Wednesday, July 05, 2006

NASA: King of the Daredevils

Today the History Channel ran a special on the career of motorcycle daredevil Evel Knievel. By coincidence, CSPAN2 happened to be replaying a NASA press conference at the same time.

If you flipped back and forth between the two channels, the resemblance was startling.

There was Evel Knievel in the 1970s, battling technical problems as he prepared to jump Snake River Canyon in Idaho in a flashy rocket, surrounded by cameras and cheering crowds.

That particular jump didn't go very well.

So there was Evel Knievel, talking to the press, explaining what went wrong.

And there was Evel Knievel, jumping his Harley-Davidson over thirteen Greyhound buses, over fourteen Greyhound buses, over fifty-two cars, as the crowds screamed and cheered and held their breath and jumped to their feet.

Of course, there's no point at all to jumping a motorcycle over an impossible distance just to see if you can do it without being killed.

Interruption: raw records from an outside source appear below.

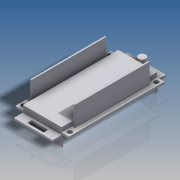
# Autodesk Inventor part: 76608-White
Saved by Autodesk Inventor 2016 SP2 (Build 200236200, 236)
## iProperties
Created: 2015-08-26
Part Number: 76608-White
Material: ABS Plastic
Document SubType Name: Modeling
Designer: D. Kohfeld
Density: 1.06 g/cm^3
Appearance: White
Mass: 4.70679 g
Surface Area: 65.2492 cm^2
Volume: 4.44037 cm^3
Author: D. Kohfeld
Autodesk Inventor part; units mm, degrees
ref_plane "YZ Plane" through (0, 0, 0) normal (1, 0, 0) x (0, 1, 0)
ref_plane "XZ Plane" through (0, 0, 0) normal (0, 1, 0) x (-1, 0, 0)
ref_plane "XY Plane" through (0, 0, 0) normal (0, 0, 1) x (1, 0, 0)
sketch "Sketch2" plane through (0, 0, 0) normal (0, 1, 0) x (-1, 0, 0)
  line L0 (-14.4, 25.6) -> (14.4, 25.6)
  line L1 (14.4, 25.6) -> (14.4, -25.6)
  line L2 (14.4, -25.6) -> (-14.4, -25.6)
  line L3 (-14.4, -25.6) -> (-14.4, 25.6)
  line L4 (10.4, 25.6) -> (10.4, -25.6)
  line L5 (-10.4, 25.6) -> (-10.4, -25.6)
  line L6 (-11.2, 20) -> (-12, 20)
  line L7 (-12, 20) -> (-12, -20)
  line L8 (-12, -20) -> (-11.2, -20)
  line L9 (-11.2, -20) -> (-11.2, 20)
  line L10 (11.2, 20) -> (12, 20)
  line L11 (12, 20) -> (12, -20)
  line L12 (12, -20) -> (11.2, -20)
  line L13 (11.2, -20) -> (11.2, 20)
  line L14 (-10.4, 25.6) -> (10.4, -25.6) construction
  line L15 (-11.2, 20) -> (11.2, -20) construction
  circle A0 centre (12.4, 23.2) radius 1.2
  circle A1 centre (-12.4, 23.2) radius 1.2
  circle A2 centre (-12.4, -23.2) radius 1.2
  circle A3 centre (12.4, -23.2) radius 1.2
  line L16 (-12.4, 23.2) -> (12.4, 23.2) construction
  line L17 (-12.4, 23.2) -> (-12.4, -23.2) construction
  point P0 (0, 0)
  point P1 (0, 25.6)
  point P2 (-14.4, 0)
  point P3 (0, 23.2)
  point P4 (0, 0)
  point P5 (-12.4, 0)
  dimension "d0" = 28.8
  dimension "d1" = 51.2
  dimension "d2" = 20.8
  dimension "d3" = 22.4
  dimension "d4" = 0.8
  dimension "d5" = 40
  dimension "d6" = 2.4
  dimension "d7" = 46.4
  dimension "d8" = 24.8
  constraints: 36 end point, 7 midpoint, 6 parallel, 4 centre point, 4 horizontal, 4 horizontal alignment, 4 point on line, 3 equal radius, 3 perpendicular, 3 vertical, 3 vertical alignment, 2 equal length
  measures "d0" distance of L0.start L0.end
  measures "d1" distance of L2.end L0.start
  measures "d2" distance between parallel lines of L5 L4
  measures "d3" distance between parallel lines of L9 L13
  measures "d4" distance between parallel lines of L13 L11
  measures "d5" distance of L6.end L7.end
  measures "d6" diameter of A3
  measures "d7" distance of L16.start L17.end
  measures "d8" distance from line of A3.centre L17
extrude "Extrusion1" add sketch "Sketch2" against normal blind 1.2 contours L0 L5 L2 L3 | L0 L4 L2 L5 | L0 L1 L2 L4 | L9 L8 L7 L6 | L10 L11 L12 L13
extrude "Extrusion2" add sketch "Sketch2" along normal blind 2.4 contours L0 L4 L2 L5
extrude "Extrusion3" add sketch "Sketch2" along normal blind 10.8 contours L9 L8 L7 L6 | L10 L11 L12 L13
sketch "Sketch3" plane through (0, 0, 0) normal (1, 0, 0) x (0, 1, 0)
  line L0 (-1.2, -25.6) -> (-1.2, 25.6) projected
  line L1 (-1.2, 25.6) -> (-1.2, 30.4)
  line L2 (-1.2, 30.4) -> (-2.4, 30.4)
  line L3 (-2.4, 30.4) -> (-2.4, 26)
  line L4 (-2.4, 26) -> (-6.4, 26)
  line L5 (-6.4, 26) -> (-7.6, 24.8)
  line L6 (-7.6, 24.8) -> (-2, 24.8)
  line L7 (-2, 24.8) -> (-2, -24.8)
  line L8 (-2, -24.8) -> (-7.6, -24.8)
  line L9 (-7.6, -24.8) -> (-6.4, -26)
  line L10 (-6.4, -26) -> (-2.4, -26)
  line L11 (-2.4, -26) -> (-2.4, -30.4)
  line L12 (-2.4, -30.4) -> (-1.2, -30.4)
  line L13 (-1.2, -30.4) -> (-1.2, -25.6)
  point P0 (0, 0)
  point P1 (-2, 0)
  point P2 (-1.2, 0)
  dimension "d15" = 1.2
  dimension "d16" = 4.8
  dimension "d17" = 4.4
  dimension "d18" = 4
  dimension "d19" = 1.2
  dimension "d20" = 5.2
  dimension "d21" = 0.4
  constraints: 26 end point, 6 horizontal, 5 equal length, 5 vertical, 2 midpoint, 1 horizontal alignment
  measures "d15" distance between parallel lines of L1 L3
  measures "d16" distance from line of L2 L0.end
  measures "d17" distance between parallel lines of L4 L2
  measures "d18" distance of L3.end L4.end
  measures "d19" distance between parallel lines of L6 L4
  measures "d20" distance from line of L5.end L3
  measures "d21" distance between parallel lines of L7 L3
extrude "Extrusion4" add sketch "Sketch3" against normal up to surface (20.8 mm away) from surface at 10.4
sketch "Sketch4" plane through (-10.4, -2.4, -30.4) normal (0, -1, 0) x (1, 0, 0)
  line L0 (0, 0) -> (20.8, 0) projected
  line L1 (0, 4.4) -> (20.8, 4.4) projected
  line L2 (0, 60.8) -> (0, 56.4) projected
  line L3 (0, 56.4) -> (20.8, 56.4) projected
  line L4 (20.8, 56.4) -> (20.8, 60.8) projected
  line L5 (0, 60.8) -> (20.8, 60.8) projected
  line L6 (8.4, 4.4) -> (9.2, 5.2)
  line L7 (9.2, 5.2) -> (11.6, 5.2)
  line L8 (11.6, 5.2) -> (12.4, 4.4)
  circle A0 centre (10.4, 2.4) radius 2
  circle A1 centre (10.4, 2.4) radius 1.2
  line L9 (14.8, 57.2) -> (6, 57.2)
  line L10 (6, 57.2) -> (6, 59.6)
  line L11 (6, 59.6) -> (14.8, 59.6)
  line L12 (14.8, 59.6) -> (14.8, 57.2)
  point P0 (10.4, 30.4)
  point P1 (10.4, 5.2)
  point P2 (10.4, 4.4)
  point P3 (10.4, 57.2)
  point P4 (10.4, 56.4)
  dimension "d24" = 2.4
  dimension "d25" = 8.8
  dimension "d26" = 0.8
  dimension "d27" = 4
  dimension "d28" = 2.4
  dimension "d29" = 0.8
  dimension "d30" = 4
  dimension "d31" = 2.4
  dimension "d32" = 2.4
  constraints: 14 end point, 4 midpoint, 3 vertical alignment, 2 centre point, 2 horizontal, 2 parallel, 2 perpendicular, 2 point on line, 1 coincident
  measures "d24" distance of L9.end L10.end
  measures "d25" distance of L10.end L11.end
  measures "d26" distance between parallel lines of L3 L9
  measures "d27" distance of L6.start L8.end
  measures "d28" distance of L6.end L7.end
  measures "d29" distance between parallel lines of L1 L7
  measures "d30" diameter of A0
  measures "d31" diameter of A1
  measures "d32" distance from line of A0.centre L0
extrude "Extrusion5" cut sketch "Sketch4" against normal through all contours L9 L10 L11 L12
extrude "Extrusion6" cut sketch "Sketch4" along normal through all contours L6 L7 L8 L1
extrude "Extrusion7" add sketch "Sketch4" along normal blind 0.8 contours A0
extrude "Extrusion8" add sketch "Sketch4" against normal blind 5.6 contours A0 | A1
extrude "Extrusion9" cut sketch "Sketch4" against normal blind 4.4 contours A1
sketch "Sketch5" plane through (0, 0, 0) normal (0, 0, 1) x (1, 0, 0)
  line L0 (-10.4, -2) -> (10.4, -2) projected
  line L1 (-0.4, -2) -> (0.4, -2)
  line L2 (0.4, -2) -> (1.6763, -0.7246)
  line L3 (-0.4, -2) -> (-1.6763, -0.7246)
  arc A0 (-1.6763, -0.7246) -> (-9.1237, -0.7246) centre (-5.4, -4.451) ccw
  line L4 (-9.1237, -0.7246) -> (-10.4, -2)
  arc A1 (9.1237, -0.7246) -> (1.6763, -0.7246) centre (5.4, -4.451) ccw
  line L5 (9.1237, -0.7246) -> (10.4, -2)
  line L6 (-5.4, -4.451) -> (5.4, -4.451) construction
  point P0 (0, 0)
  point P1 (0, -2)
  point P2 (0, -2)
  point P3 (0, -4.451)
  dimension "d43" = 10.8
  dimension "d44" = 0.8
  dimension "d45" = 2.817
  dimension "d46" = 5.268
  constraints: 12 end point, 4 point on circle, 4 tangent, 3 midpoint, 2 centre point, 2 point on line, 1 coincident, 1 equal radius, 1 horizontal, 1 horizontal alignment, 1 vertical alignment
  measures "d43" distance of L6.end L6.start
  measures "d44" distance of L1.start L1.end
  measures "d45" distance edge to line of A0 L0
  measures "d46" radius of A0
extrude "Extrusion10" cut sketch "Sketch5" against normal up to surface (49.6 mm away) from surface at 24.8
chamfer "Chamfer1" distance 0.6 distance2 0.8 1 edges at (-1.2, -3.2, -28) measured on face at (-1.7, -3.2, -28)
fillet "Fillet1" radius 0.1 100 edges at (-12, 5.4, 20) (-11.2, 5.4, 20) (-11.6, 10.8, 20) (-12, 10.8, 0) (-11.2, 10.8, 0) (-11.2, 5.4, -20) (-12, 5.4, -20) (-11.6, 10.8, -20) (11.2, 5.4, 20) (12, 5.4, 20) (11.6, 10.8, 20) (11.2, 10.8, 0) (12, 10.8, 0) (12, 5.4, -20) (11.6, 10.8, -20) (11.2, 5.4, -20) (10.4, 2.4, 0) (10.4, 1.2, 25.6) (0, 2.4, 25.6) (-10.4, 1.2, 25.6) (-10.4, 2.4, 0) (-10.4, 1.2, -25.6) (0, 2.4, -25.6) (10.4, 1.2, -25.6) (12.4, 0, -25.6) (14.4, -0.6, -25.6) (14.4, -1.2, 0) (12.4, -1.2, -25.6) (14.4, 0, 0) (14.4, -0.6, 25.6) (12.4, 0, 25.6) (12.4, -1.2, 25.6) (-12.4, -1.2, 25.6) (-12.4, 0, 25.6) (-14.4, -0.6, 25.6) (-14.4, 0, 0) (-14.4, -1.2, 0) (-14.4, -0.6, -25.6) (-12.4, 0, -25.6) (-12.4, -1.2, -25.6) (10.4, -1.2, 28) (10.4, -2.4, 28.2) (10.4, -1.8, 30.4) (0, -1.2, 30.4) (0, -2.4, 30.4) (-10.4, -1.8, 30.4) (-10.4, -2.4, 28.2) (-10.4, -1.2, 28) (-4.4, -1.2, 28) (0, -1.2, 29.2) (0, -1.2, 26.8) (4.4, -1.2, 28) (4.4, -2.4, 28) (0, -2.4, 29.2) (-4.4, -2.4, 28) (0, -2.4, 26.8) (-10.4, -1.2, -28) (-10.4, -2.4, -28.2) (-10.4, -1.8, -30.4) (0, -1.2, -30.4) (0, -2.4, -30.4) (10.4, -1.8, -30.4) (-2, 3.2, -28) (10.4, -1.2, -28) (10.4, -2.4, -28.2) (10.4, -2, 0) (10.4, -4.8, 24.8) (10.4, -7, 25.4) (0, -7.6, 24.8) (0, -6.4, 26) (10.4, -4.4, 26) (-10.4, -7, 25.4) (-10.4, -4.4, 26) (-10.4, -4.8, 24.8) (-10.4, -2, 0) (0.4, -2, 0) (-0.4, -2, 0) (10.4, -4.8, -24.8) (10.4, -4.4, -26) (10.4, -7, -25.4) (6.2, -6.4, -26) (0, -7.6, -24.8) (-6.2, -6.4, -26) (-10.4, -7, -25.4) (-10.4, -4.4, -26) (-10.4, -4.8, -24.8) (-2, -3.2, -28) (-2, -4.4, -26) (-1.6, -6.8, -25.6) (0, -7.2, -25.2) (1.6, -6.8, -25.6) (2, -4.4, -26) (13.6, -1.2, -23.2) (13.6, 0, -23.2) (-11.2, -1.2, -23.2) (-11.2, 0, -23.2) (13.6, -1.2, 23.2) (13.6, 0, 23.2) (-11.2, -1.2, 23.2) (-11.2, 0, 23.2)
body "Solid1"

Just like there's no point at all to launching the space shuttle.

NASA says the shuttle Discovery is on "a rather pedestrian mission" to bring supplies to the half-completed space station, where a crew of two is about to increase to a crew of three.

USA Today says the shuttle is on a mission to pick up the trash. The space station is so crammed, the paper reported, that the astronauts can't even find their big-screen television.

If the shuttle is a motorcycle stunt on a rocket, the space station is a flagpole-sitting contest.

What is the point? Just to see if we can keep people on a flying Winnebago for months at a time without killing them?

Don't take my word for it. NASA Administrator Michael Griffin told USA Today last fall that it is now commonly accepted that the space shuttle and the space station were mistakes. They never leave the Earth's orbit, he explained, so they don't accomplish anything in the way of space exploration.

The NASA officials at Tuesday's press conference said the crew of the shuttle Discovery is presently examining the orbiter's exterior for signs of damage from the six pieces of insulating foam that flew off the external fuel tank during launch. If there's damage to the heat shield, the astronauts will live at the space station until NASA can get the shuttle Atlantis off the ground to go and rescue them. Discovery will be flown home by remote control so that if it burns up on re-entry, it won't kill anybody.

So Discovery's mission is this: get off the ground safely, carry enough supplies so the crew members don't starve to death during an emergency stay on the space station, and fly home without exploding in a fireball.

If NASA is going to do Evel Knievel's act, the least they could do is get the astronauts some better looking jumpsuits.